Orchestra Theatre’ın, Firuze Engin tarafından kaleme alınan yeni oyunu “Bir Terennüm” bu sezon prömiyerini yaptı. Şebnem Sönmez süpervizörlüğünde hazırlanan oyunu, Gülhan Kadim yönetti, yönetmen yardımcılığını İbrahim Arıcı yaptı, müziğini Burçak Çöllü, ışık tasarımını İsmail Sağır, sahne – kostüm tasarımını İlayda Saran üstlendi.
Bir Terennüm, 1971’de İsrail Başkonsolosu Efraim Elrom’un kaçırılması ve 2020’de pandemi sebebiyle yaşanan sokağa çıkma yasağı günlerinde geçiyor. İstanbul’da boğaz köprüsünün yapılışına şahit olan bir apartman dairesinde, hem 1971’de hem de 2020’de yaşlı kuşakla genç kuşak ilişkisiyle, bir ailenin dününden ve bugününden bazen komik bazense hüzünlü ama her zaman içten bir hikâyeye seyirci oluyoruz. Özellikle İpek Türktan ve Tolga İskit’in samimi oyunculuğunun etkisiyle kendimi evlerinin salonuna misafir olmuş gibi hissettim.

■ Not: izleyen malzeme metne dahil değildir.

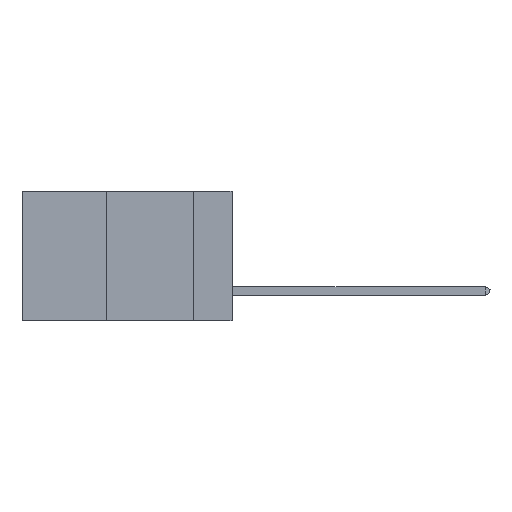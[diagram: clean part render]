
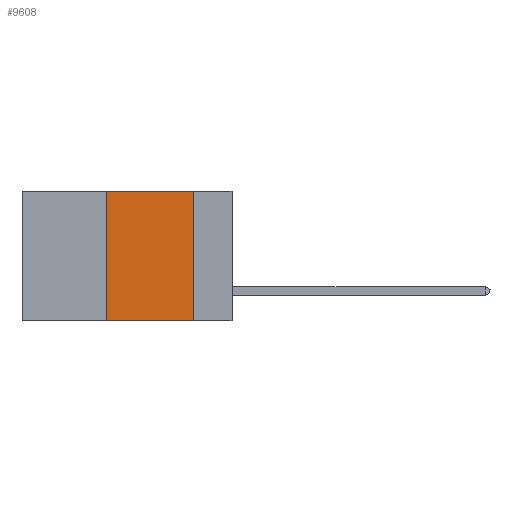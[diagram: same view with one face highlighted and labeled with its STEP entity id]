
A CAD part, left-side view. The second image highlights one B-rep face of the part: STEP entity #9608.
In plain terms, the highlighted planar face has unit normal (-1, 0, 0).
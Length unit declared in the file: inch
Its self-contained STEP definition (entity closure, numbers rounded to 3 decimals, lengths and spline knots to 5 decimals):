
#503 = DIRECTION ( 'NONE',  ( 0., -1., 0. ) ) ;
#2063 = CARTESIAN_POINT ( 'NONE',  ( 0., 0.11, 0. ) ) ;
#2697 = CARTESIAN_POINT ( 'NONE',  ( 0., 0.36, 0. ) ) ;
#3089 = EDGE_CURVE ( 'NONE', #4836, #41034, #37772, .T. ) ;
#3091 = DIRECTION ( 'NONE',  ( 0., -1., 0. ) ) ;
#3403 = CARTESIAN_POINT ( 'NONE',  ( 0., 0.6, 0. ) ) ;
#4161 = CARTESIAN_POINT ( 'NONE',  ( 0., 0.6, -0.37 ) ) ;
#4836 = VERTEX_POINT ( 'NONE', #2063 ) ;
#5991 = LINE ( 'NONE', #4161, #6514 ) ;
#6039 = CARTESIAN_POINT ( 'NONE',  ( 0., 0.6, 0. ) ) ;
#6367 = VECTOR ( 'NONE', #20189, 39.37008 ) ;
#6514 = VECTOR ( 'NONE', #503, 39.37008 ) ;
#7073 = EDGE_CURVE ( 'NONE', #39208, #4836, #10247, .T. ) ;
#7361 = ORIENTED_EDGE ( 'NONE', *, *, #29477, .T. ) ;
#8888 = VECTOR ( 'NONE', #37668, 39.37008 ) ;
#9069 = DIRECTION ( 'NONE',  ( 0., 0., -1. ) ) ;
#9608 = ADVANCED_FACE ( 'NONE', ( #11152 ), #29910, .F. ) ;
#10247 = LINE ( 'NONE', #3403, #39128 ) ;
#10647 = AXIS2_PLACEMENT_3D ( 'NONE', #6039, #33716, #9069 ) ;
#10871 = EDGE_CURVE ( 'NONE', #35455, #39208, #38512, .T. ) ;
#11152 = FACE_OUTER_BOUND ( 'NONE', #34648, .T. ) ;
#12516 = ORIENTED_EDGE ( 'NONE', *, *, #7073, .F. ) ;
#15843 = ORIENTED_EDGE ( 'NONE', *, *, #3089, .F. ) ;
#17462 = ORIENTED_EDGE ( 'NONE', *, *, #10871, .F. ) ;
#20189 = DIRECTION ( 'NONE',  ( 0., 0., 1. ) ) ;
#20245 = CARTESIAN_POINT ( 'NONE',  ( 0., 0.11, 0. ) ) ;
#21768 = CARTESIAN_POINT ( 'NONE',  ( 0., 0.11, -0.37 ) ) ;
#22938 = CARTESIAN_POINT ( 'NONE',  ( 0., 0.36, 0. ) ) ;
#23489 = CARTESIAN_POINT ( 'NONE',  ( 0., 0.36, -0.37 ) ) ;
#29477 = EDGE_CURVE ( 'NONE', #35455, #41034, #5991, .T. ) ;
#29910 = PLANE ( 'NONE',  #10647 ) ;
#33716 = DIRECTION ( 'NONE',  ( 1., 0., 0. ) ) ;
#34648 = EDGE_LOOP ( 'NONE', ( #15843, #12516, #17462, #7361 ) ) ;
#35455 = VERTEX_POINT ( 'NONE', #23489 ) ;
#37668 = DIRECTION ( 'NONE',  ( 0., 0., -1. ) ) ;
#37772 = LINE ( 'NONE', #20245, #8888 ) ;
#38512 = LINE ( 'NONE', #22938, #6367 ) ;
#39128 = VECTOR ( 'NONE', #3091, 39.37008 ) ;
#39208 = VERTEX_POINT ( 'NONE', #2697 ) ;
#41034 = VERTEX_POINT ( 'NONE', #21768 ) ;

Oyun tek mekânda geçiyor bu sebeple dekor sabit olarak kullanılmış. Zamanlar arası geçiş bir sabit telefon, bir cep telefonu, sabit telefon üzerinde yanan ışık ve daha çok oyuncuların performansıyla sağlanıyor. Öyle ki yer yer cümle devam ederken zamanın değiştiğine tanık oluyoruz. Oyun metni hem zaman değişimi hem de yaşlı kuşağın yaşadığı demanstan dolayı unutmaları ve kendilerini tekrar etmeleri sebebiyle seyircinin kafasını karıştırmaya müsait olduğunu gösteriyor. Fakat İpek Türktan ve Tolga İskit, performanslarıyla geçişlerin pürüzsüz olmasını sağlıyor. Oyunun müzikleri de oldukça güzel. Oyuncuların yaşlı olarak da seslendirdiği şarkılar yaratılan mırıl mırıl havaya eşlik ediyor.
Oyunun başlarında ataerkil toplumun yansımalarını görüyoruz. Babaannenin o gün gibi yaşayarak anlattığı hikâyede, evin babasının yeni doğana isim koyduğunu, ona karşı gelenlere rağmen son sözü söyleyen olduğunu dinliyoruz. Yine Tolga İskit’in canlandırdığı Ali İhsan karakterinin aslında futbolcu olmak isterken babasının engellemesiyle olamadığını öğreniyoruz.
Oyunun bütününe bir döngü hâkim diyebiliriz. 1971’de demansı olan babaanneyle ilgilenen Ali İhsan’ın 2020’de demansla karşımıza çıkması, sokağa çıkma yasaklarının tekrarı buna örnek verilebilir. İnsanın doğayla olan ilişkisine de örnekler mevcut. Köprü yaparak denizi aşıp birbirine daha çabuk ulaşan insanlar 2020’de bu kez doğaya yenik düşerek pandemiyle birbirinden uzaklaşıyor. Yine doğanın ürünü fındık elden ele geziyor, yıllar geçiyor ve her zaman demansa şifa oluyor. Öyle ki her fındık yendiğinde hayattan bir parça hatırlanıyor.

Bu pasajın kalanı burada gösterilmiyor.